FORGOT YOUR DETAILS?

Diagnostic Assessments

Diagnostic Assessment is another name for progress monitoring. Teachers assess students to monitor the level of success of students and helps the teacher know which direction to go as the learner’s work is assessed. The student is unaware of the monitoring unlike a formative assessment which provides students immediate feedback. Think of a doctor being presented with symptoms and having to make a diagnosis in order to prescribe a treatment plan. A diagnostic assessment does much of the same.
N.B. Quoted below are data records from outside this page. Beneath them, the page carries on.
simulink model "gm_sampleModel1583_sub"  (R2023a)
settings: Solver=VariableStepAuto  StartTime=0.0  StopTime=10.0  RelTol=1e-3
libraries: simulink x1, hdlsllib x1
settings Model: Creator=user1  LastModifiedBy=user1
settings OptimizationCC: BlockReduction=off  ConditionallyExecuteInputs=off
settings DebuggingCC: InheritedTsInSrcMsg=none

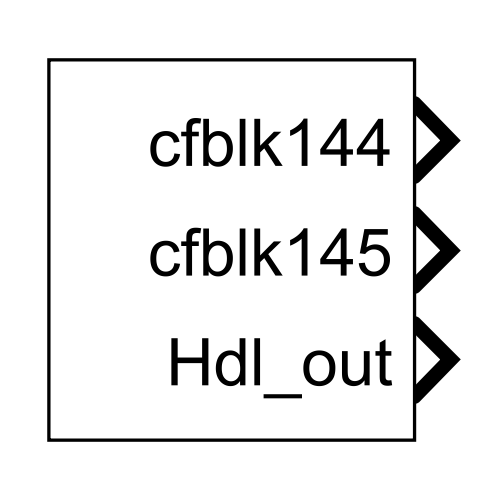
[thumbnail: Simulink's stored preview of the top-level diagram]
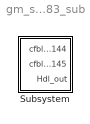
== system gm_sampleModel1583_sub ==
  Subsystem : Subsystem

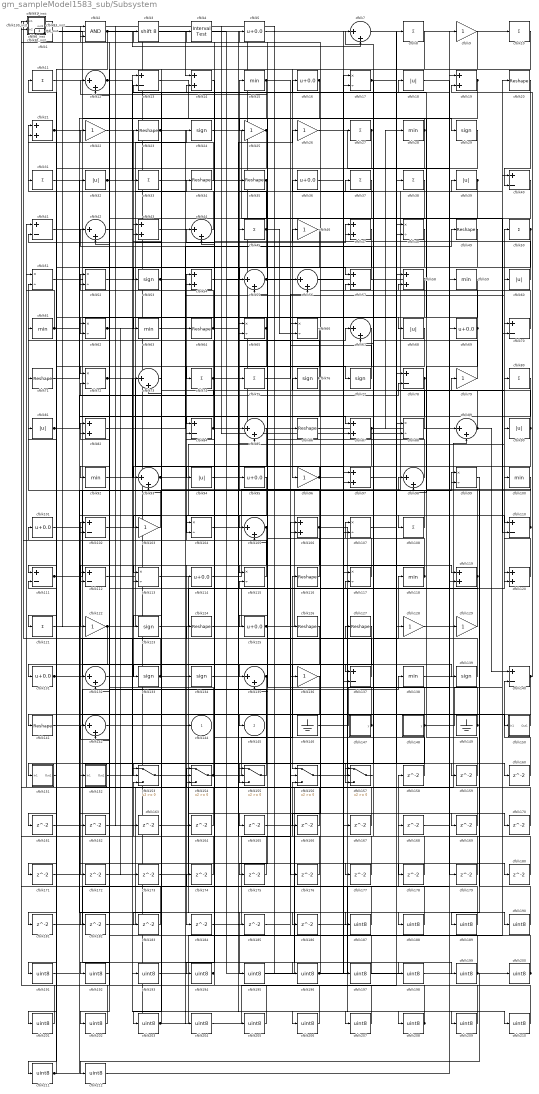
== system gm_sampleModel1583_sub/Subsystem ==
  cfblk1 : simulink/Logic and Bit Operations/Bit Set  iBit=0
      settings: LibrarySourceBlock=|
      | hdlsllib/Logic and Bit
      | Operations/Bit Set
  cfblk{8,10..11,27,31,33,37..38,45,50,74..75,80,108,121} (15 alike) : Sum  Inputs=+  OutDataTypeStr=uint8
  cfblk{15,28,59,61,63,92,100,118,138} (9 alike) : MinMax  OutDataTypeStr=uint8
  cfblk{5,16,36,69,95,101,114,125,131} (9 alike) : Bias  Bias=0.0  SaturateOnIntegerOverflow=off
  cfblk{13,40..41,70,78,84,102,110..112,137,140} (12 alike) : Sum  Inputs=+-  OutDataTypeStr=uint8
  cfblk{9,22,25..26,46,79,96,103,122,128..129,136} (12 alike) : Gain  OutDataTypeStr=uint8
  cfblk{17,48,51..52,62,65..66,72,88,99,104,107,113,115,117} (15 alike) : Product  Inputs=*/  OutDataTypeStr=uint8  RndMeth=Zero  SaturateOnIntegerOverflow=on
  cfblk{7,12,42,44,55..56,67,73,85,89,93,98,105,132,135,142} (16 alike) : Sum  Inputs=|++  OutDataTypeStr=uint8
  cfblk{14,19,21,43,47,54,57..58,82,87,97,106,119..120} (14 alike) : Sum  OutDataTypeStr=uint8
  cfblk109_inst : Subsystem
  cfblk{20,23,34..35,49,64,71,86,116,124,126..127,141} (13 alike) : Reshape
  cfblk{24,29,53,76..77,123,133..134,139} (9 alike) : Signum
  cfblk130_inst : Subsystem
  cfblk146 : Ground
  cfblk147 : Subsystem  mask(Counter Free-Running){NumBits=double(16), tsamp=double(-1)}
      mask prompts: NumBits "Simulink:masks:NumberOfBits_MP"; tsamp "Simulink:masks:SampleTime_MP"
      mask help: Simulink:masks:CounterFreeRunning_MD
  cfblk148 : Subsystem  mask(Counter Free-Running){NumBits=double(16), tsamp=double(-1)}
      mask prompts: NumBits "Simulink:masks:NumberOfBits_MP"; tsamp "Simulink:masks:SampleTime_MP"
      mask help: Simulink:masks:CounterFreeRunning_MD
  cfblk149 : Ground
  cfblk150 : Subsystem
  cfblk151 : Subsystem
  cfblk152 : Subsystem
  cfblk{153..157} (5 alike) : Switch  OutDataTypeStr=uint8  SaturateOnIntegerOverflow=off  InputSameDT=off
  cfblk{158..186} (29 alike) : Delay  SampleTime=1
  cfblk{18,32,39,60,68,81,90,94} (8 alike) : Abs  OutDataTypeStr=uint8  SaturateOnIntegerOverflow=off
  cfblk{187..212} (26 alike) : DataTypeConversion  OutDataTypeStr=uint8  SaturateOnIntegerOverflow=off  RndMeth=Floor
  cfblk2 : Logic  AllPortsSameDT=off  OutDataTypeStr=boolean
  cfblk3 : ArithShift  BitShiftNumber=8
  cfblk30_inst : Subsystem
  cfblk4 : hdlsllib/Logic and Bit Operations/Interval Test  IntervalClosedRight=on  uplimit=0.5  IntervalClosedLeft=on  lowlimit=-0.5  OutDataTypeStr=uint8
  cfblk6_inst : Subsystem
  cfblk83_inst : Subsystem
  cfblk91_inst : Subsystem
  cfblk144 : Outport  OutDataTypeStr=uint8  SampleTime=1  VectorParamsAs1DForOutWhenUnconnected=off
  cfblk145 : Outport  Port=2  OutDataTypeStr=uint8  SampleTime=1  VectorParamsAs1DForOutWhenUnconnected=off
  Hdl_out : Outport  Port=3  OutDataTypeStr=uint8  SampleTime=1
  wires:
  cfblk1/1 -> cfblk199/1
  cfblk10/1 -> cfblk96/1
  cfblk100/1 -> cfblk15/1
  cfblk101/1 -> cfblk135/1
  cfblk102/1 -> cfblk47/1
  cfblk103/1 -> cfblk51/2
  cfblk104/1 -> cfblk108/1
  cfblk105/1 -> cfblk54/1, cfblk172/1
  cfblk106/1 -> cfblk41/2, cfblk209/1, cfblk184/1
  cfblk107/1 -> cfblk79/1
  cfblk108/1 -> cfblk71/1
  cfblk109_inst/1(out1) -> cfblk10/1
  cfblk11/1 -> cfblk29/1
  cfblk110/1 -> cfblk13/2, cfblk50/1
  cfblk111/1 -> cfblk95/1, cfblk155/3
  cfblk112/1 -> cfblk34/1
  cfblk113/1 -> cfblk165/1
  cfblk114/1 -> cfblk17/2
  cfblk115/1 -> cfblk83_inst/1(in1)
  cfblk116/1 -> cfblk3/1
  cfblk117/1 -> cfblk46/1
  cfblk118/1 -> cfblk12/1, cfblk115/1, cfblk107/1
  cfblk119/1 -> cfblk76/1, cfblk115/2
  cfblk12/1 -> cfblk57/1, cfblk177/1
  cfblk120/1 -> cfblk70/1
  cfblk121/1 -> cfblk102/1
  cfblk122/1 -> cfblk24/1, cfblk131/1
  cfblk123/1 -> cfblk117/2
  cfblk124/1 -> cfblk100/1
  cfblk125/1 -> cfblk39/1, cfblk45/1
  cfblk126/1 -> cfblk161/1
  cfblk127/1 -> cfblk156/1
  cfblk128/1 -> cfblk69/1
  cfblk129/1 -> cfblk22/1
  cfblk13/1 -> cfblk85/2
  cfblk130_inst/1(out1) -> cfblk89/1, cfblk88/2, cfblk122/1
  cfblk131/1 -> cfblk153/2, cfblk118/1
  cfblk132/1 -> cfblk23/1
  cfblk133/1 -> cfblk6_inst/2(in2), cfblk169/1
  cfblk134/1 -> cfblk67/1
  cfblk135/1 -> cfblk181/1, cfblk75/1
  cfblk136/1 -> cfblk192/1
  cfblk137/1 -> cfblk5/1
  cfblk138/1 -> cfblk120/1
  cfblk139/1 -> cfblk7/1
  cfblk14/1 -> cfblk114/1
  cfblk140/1 -> cfblk19/2, cfblk141/1
  cfblk141/1 -> cfblk138/1
  cfblk142/1 -> cfblk160/1
  cfblk146/1 -> cfblk9/1
  cfblk147/1(y) -> cfblk116/1, cfblk65/2
  cfblk148/1(y) -> cfblk70/2, cfblk65/1, cfblk151/1(In1)
  cfblk149/1 -> cfblk67/2, cfblk101/1
  cfblk15/1 -> cfblk56/1, cfblk162/1
  cfblk150/1(Out1) -> cfblk145/1
  cfblk151/1(Out1) -> cfblk61/1
  cfblk152/1(Out1) -> cfblk124/1
  cfblk153/1 -> cfblk195/1
  cfblk154/1 -> cfblk42/2, cfblk126/1
  cfblk155/1 -> cfblk82/1
  cfblk156/1 -> cfblk48/1
  cfblk157/1 -> cfblk37/1
  cfblk158/1 -> cfblk44/1
  cfblk159/1 -> cfblk98/1
  cfblk16/1 -> cfblk123/1, cfblk112/1, cfblk105/2, cfblk104/2, cfblk74/1
  cfblk160/1 -> cfblk140/2
  cfblk161/1 -> cfblk154/1
  cfblk162/1 -> cfblk48/2
  cfblk163/1 -> cfblk89/2
  cfblk164/1 -> cfblk51/1
  cfblk165/1 -> cfblk198/1
  cfblk166/1 -> cfblk130_inst/2(in2)
  cfblk167/1 -> cfblk17/1
  cfblk168/1 -> cfblk120/2
  cfblk169/1 -> cfblk132/2
  cfblk17/1 -> cfblk78/1, cfblk157/3
  cfblk170/1 -> cfblk84/2
  cfblk171/1 -> cfblk155/1
  cfblk172/1 -> cfblk157/2
  cfblk173/1 -> cfblk85/1
  cfblk174/1 -> cfblk6_inst/1(in1)
  cfblk175/1 -> cfblk153/3
  cfblk176/1 -> cfblk156/3
  cfblk177/1 -> cfblk82/2
  cfblk178/1 -> cfblk155/2
  cfblk179/1 -> cfblk47/2
  cfblk18/1 -> cfblk179/1
  cfblk180/1 -> cfblk111/2
  cfblk181/1 -> cfblk119/2
  cfblk182/1 -> cfblk87/2
  cfblk183/1 -> cfblk109_inst/1(in1)
  cfblk184/1 -> cfblk156/2
  cfblk185/1 -> cfblk106/1
  cfblk186/1 -> cfblk188/1
  cfblk187/1 -> cfblk81/1
  cfblk188/1 -> cfblk4/1
  cfblk189/1 -> cfblk158/1
  cfblk19/1 -> cfblk68/1, cfblk102/2
  cfblk190/1 -> cfblk99/1
  cfblk191/1 -> cfblk99/2
  cfblk192/1 -> cfblk142/1
  cfblk193/1 -> cfblk136/1
  cfblk194/1 -> cfblk64/1, cfblk154/3
  cfblk195/1 -> cfblk38/1
  cfblk196/1 -> cfblk97/1, cfblk16/1, cfblk168/1
  cfblk197/1 -> cfblk33/1
  cfblk198/1 -> cfblk1/1
  cfblk199/1 -> cfblk212/1, cfblk88/1
  cfblk2/1 -> cfblk7/2, cfblk191/1
  cfblk20/1 -> cfblk40/2
  cfblk200/1 -> cfblk44/2, cfblk142/2
  cfblk201/1 -> cfblk91_inst/1(in1)
  cfblk202/1 -> cfblk91_inst/2(in2)
  cfblk203/1 -> cfblk20/1, cfblk113/2
  cfblk204/1 -> cfblk8/1
  cfblk205/1 -> cfblk14/2
  cfblk206/1 -> cfblk30_inst/1(in1)
  cfblk207/1 -> cfblk30_inst/2(in2)
  cfblk208/1 -> cfblk52/1, cfblk174/1
  cfblk209/1 -> cfblk43/1
  cfblk21/1 -> cfblk180/1, cfblk150/1(In1)
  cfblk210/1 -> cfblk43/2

The teacher is presented evidence of learning and the teacher must make a diagnostic assessment in order to prescribe what next for the learner.

The diagnostic assessment is not a tool for grading students work. It is crafted with the teacher in mind, to help the teacher determine if the outcomes are aligned with the intentionally planned learning.

Example:

A team of teachers collaborate on a particular objective and standard for learning. The essential question, strategies for teaching, formative assessments, differentiation, learning styles and a common assessment and common rubric are agreed upon.

Random assessments are collected. The team of teachers review the assessments and score them based on the common rubric agreed upon.

Possible Outcomes:

  • Teachers determine the assessment was not aligned with the rubric. Teachers must make adjustments and re-teach and re-tool.
  • Teachers determine aligned assessment is valid and assess students work accordingly.
  • Percentage of students determines teacher must “re-teach to reach” students.
  • Percentage of students determines teacher must work with small groups to help them become successful.